THE Constitutional Court (ConCourt) has, with immediate effect, outlawed child marriages and struck off the statutes in Section 22(1) of the Marriage Act, which, for decades, had allowed children under the age of 18 years to formally get married.
BY CHARLES LAITON
The ConCourt yesterday ruled that Section 22(1) of the Marriage Act was inconsistent with Section 78(1) of the new Constitution, which sets 18 years as the minimum age of marriage in Zimbabwe and, as such, should be outlawed.
The ruling was triggered by an application filed by two Harare women, Loveness Mudzuru (19) and Ruvimbo Tsopodzi (18), who approached the court through their lawyer, Tendai Biti, challenging the Customary Marriages Act.
They argued it infringed on the constitutional rights of young girls and boys who were getting married at an early age.
The order, granted yesterday by Deputy Chief Justice Luke Malaba and eight other ConCourt judges, read: “It is further declared that Section 22(1) of the Marriage Act or any law, practice or custom authorising a person under 18 years of age to marry or to be married is inconsistent with the provisions of Section 78(1) of the Constitution and, therefore, invalid to the extent of the inconsistency. The law is hereby struck down.”
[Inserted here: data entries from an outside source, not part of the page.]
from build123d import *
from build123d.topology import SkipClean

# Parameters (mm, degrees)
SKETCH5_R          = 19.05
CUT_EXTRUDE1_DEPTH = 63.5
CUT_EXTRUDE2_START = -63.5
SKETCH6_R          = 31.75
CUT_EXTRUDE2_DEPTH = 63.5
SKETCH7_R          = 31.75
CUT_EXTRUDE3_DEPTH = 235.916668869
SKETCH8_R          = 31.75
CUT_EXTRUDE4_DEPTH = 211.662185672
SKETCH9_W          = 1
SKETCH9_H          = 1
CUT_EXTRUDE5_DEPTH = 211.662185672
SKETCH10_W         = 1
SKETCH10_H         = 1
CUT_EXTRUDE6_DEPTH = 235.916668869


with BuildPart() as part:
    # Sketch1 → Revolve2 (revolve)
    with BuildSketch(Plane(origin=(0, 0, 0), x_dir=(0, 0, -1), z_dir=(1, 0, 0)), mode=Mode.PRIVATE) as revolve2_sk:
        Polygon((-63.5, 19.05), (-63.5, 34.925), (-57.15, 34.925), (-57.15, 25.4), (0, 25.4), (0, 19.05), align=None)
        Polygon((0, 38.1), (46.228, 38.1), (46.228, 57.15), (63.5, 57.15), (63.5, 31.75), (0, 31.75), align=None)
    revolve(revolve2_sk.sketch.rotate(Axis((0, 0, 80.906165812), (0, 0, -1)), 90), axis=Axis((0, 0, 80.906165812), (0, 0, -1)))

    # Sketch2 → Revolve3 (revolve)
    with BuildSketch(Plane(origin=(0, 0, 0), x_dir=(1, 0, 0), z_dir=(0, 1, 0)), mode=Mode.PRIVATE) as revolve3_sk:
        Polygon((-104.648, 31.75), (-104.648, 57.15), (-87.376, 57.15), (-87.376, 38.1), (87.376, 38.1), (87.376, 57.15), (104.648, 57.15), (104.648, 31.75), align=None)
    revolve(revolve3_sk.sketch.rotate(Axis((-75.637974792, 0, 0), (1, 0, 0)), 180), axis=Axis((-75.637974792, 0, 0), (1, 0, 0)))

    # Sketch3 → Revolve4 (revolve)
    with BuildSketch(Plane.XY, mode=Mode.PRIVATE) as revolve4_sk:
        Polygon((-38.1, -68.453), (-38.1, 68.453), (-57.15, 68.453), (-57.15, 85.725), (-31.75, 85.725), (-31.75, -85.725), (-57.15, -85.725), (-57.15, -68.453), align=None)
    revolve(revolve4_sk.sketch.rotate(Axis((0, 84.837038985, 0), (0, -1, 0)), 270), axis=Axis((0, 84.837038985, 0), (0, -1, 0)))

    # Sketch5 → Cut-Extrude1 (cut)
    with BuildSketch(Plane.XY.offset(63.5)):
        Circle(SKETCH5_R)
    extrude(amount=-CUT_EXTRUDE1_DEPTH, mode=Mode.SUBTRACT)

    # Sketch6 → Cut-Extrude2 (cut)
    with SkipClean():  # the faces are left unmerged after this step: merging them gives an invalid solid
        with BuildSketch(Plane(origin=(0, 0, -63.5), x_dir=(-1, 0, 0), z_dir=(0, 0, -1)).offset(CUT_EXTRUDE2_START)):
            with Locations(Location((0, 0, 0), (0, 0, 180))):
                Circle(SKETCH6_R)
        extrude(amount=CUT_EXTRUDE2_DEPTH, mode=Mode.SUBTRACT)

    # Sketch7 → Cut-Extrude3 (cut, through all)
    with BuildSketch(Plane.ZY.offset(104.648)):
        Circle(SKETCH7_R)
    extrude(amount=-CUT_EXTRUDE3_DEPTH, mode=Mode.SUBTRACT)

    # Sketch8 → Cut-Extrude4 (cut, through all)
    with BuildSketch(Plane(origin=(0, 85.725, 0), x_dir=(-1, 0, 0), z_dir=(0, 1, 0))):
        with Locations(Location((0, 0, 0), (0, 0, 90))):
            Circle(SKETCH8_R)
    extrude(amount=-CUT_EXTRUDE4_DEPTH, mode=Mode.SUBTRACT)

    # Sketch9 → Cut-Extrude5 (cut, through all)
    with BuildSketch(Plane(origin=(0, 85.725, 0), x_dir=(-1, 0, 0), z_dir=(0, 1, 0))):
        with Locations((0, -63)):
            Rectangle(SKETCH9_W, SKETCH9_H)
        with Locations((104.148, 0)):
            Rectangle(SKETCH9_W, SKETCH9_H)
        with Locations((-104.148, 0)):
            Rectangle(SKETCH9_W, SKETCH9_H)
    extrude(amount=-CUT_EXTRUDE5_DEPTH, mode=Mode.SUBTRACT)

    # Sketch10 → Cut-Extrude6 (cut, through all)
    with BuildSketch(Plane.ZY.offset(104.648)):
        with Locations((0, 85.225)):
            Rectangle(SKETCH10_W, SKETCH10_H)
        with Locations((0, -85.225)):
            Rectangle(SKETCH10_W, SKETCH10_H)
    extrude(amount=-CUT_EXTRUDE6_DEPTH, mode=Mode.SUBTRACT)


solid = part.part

The court further ruled: “With effect from January 20, 2016, no person, male or female, may enter into marriage, including an unregistered customary law union or any other union including the one arising out of religion or religious rite, before attaining the age of eighteen (18) years.”
The court ruled that if an underage girl falls pregnant, she would not be forced into marriage but remain under the custody of her parents.
The applicants, Mudzuru and Tsopodzi, had cited the ministries of Justice, Legal and Parliamentary Affairs and that of Women’s Affairs, Gender and Community Development and the Attorney-General as respondents in the matter.
Biti argued that the Constitution sought to protect the rights of children and, as such, the courts should declare some sections of the Marriage Act unconstitutional.
Meanwhile, several child rights groups and human rights defenders yesterday hailed the ruling.
“This progressive decision is a mark that the Zimbabwe Constitutional Court is building up a body of constitutional jurisprudence, which will also be quoted in other jurisdictions and should assist the Africa-wide campaign against child marriage,” legal think-tank Veritas said on its website.
The Zimbabwe Association of Doctors for Human Rights (ZADHR) said the ruling would go a long way in preserving the sexual reproductive health and human rights of minors below the age of 18.
“ZADHR has always campaigned for the abolition of early and forced child marriages, emphasising that such marriages compromise the health, education and basic human rights of the child,” the organisation’s executive director, Calvin Fambirai, said.
Early marriages have been blamed for perpetuating the cycle of poverty and an increase in both maternal and child mortality.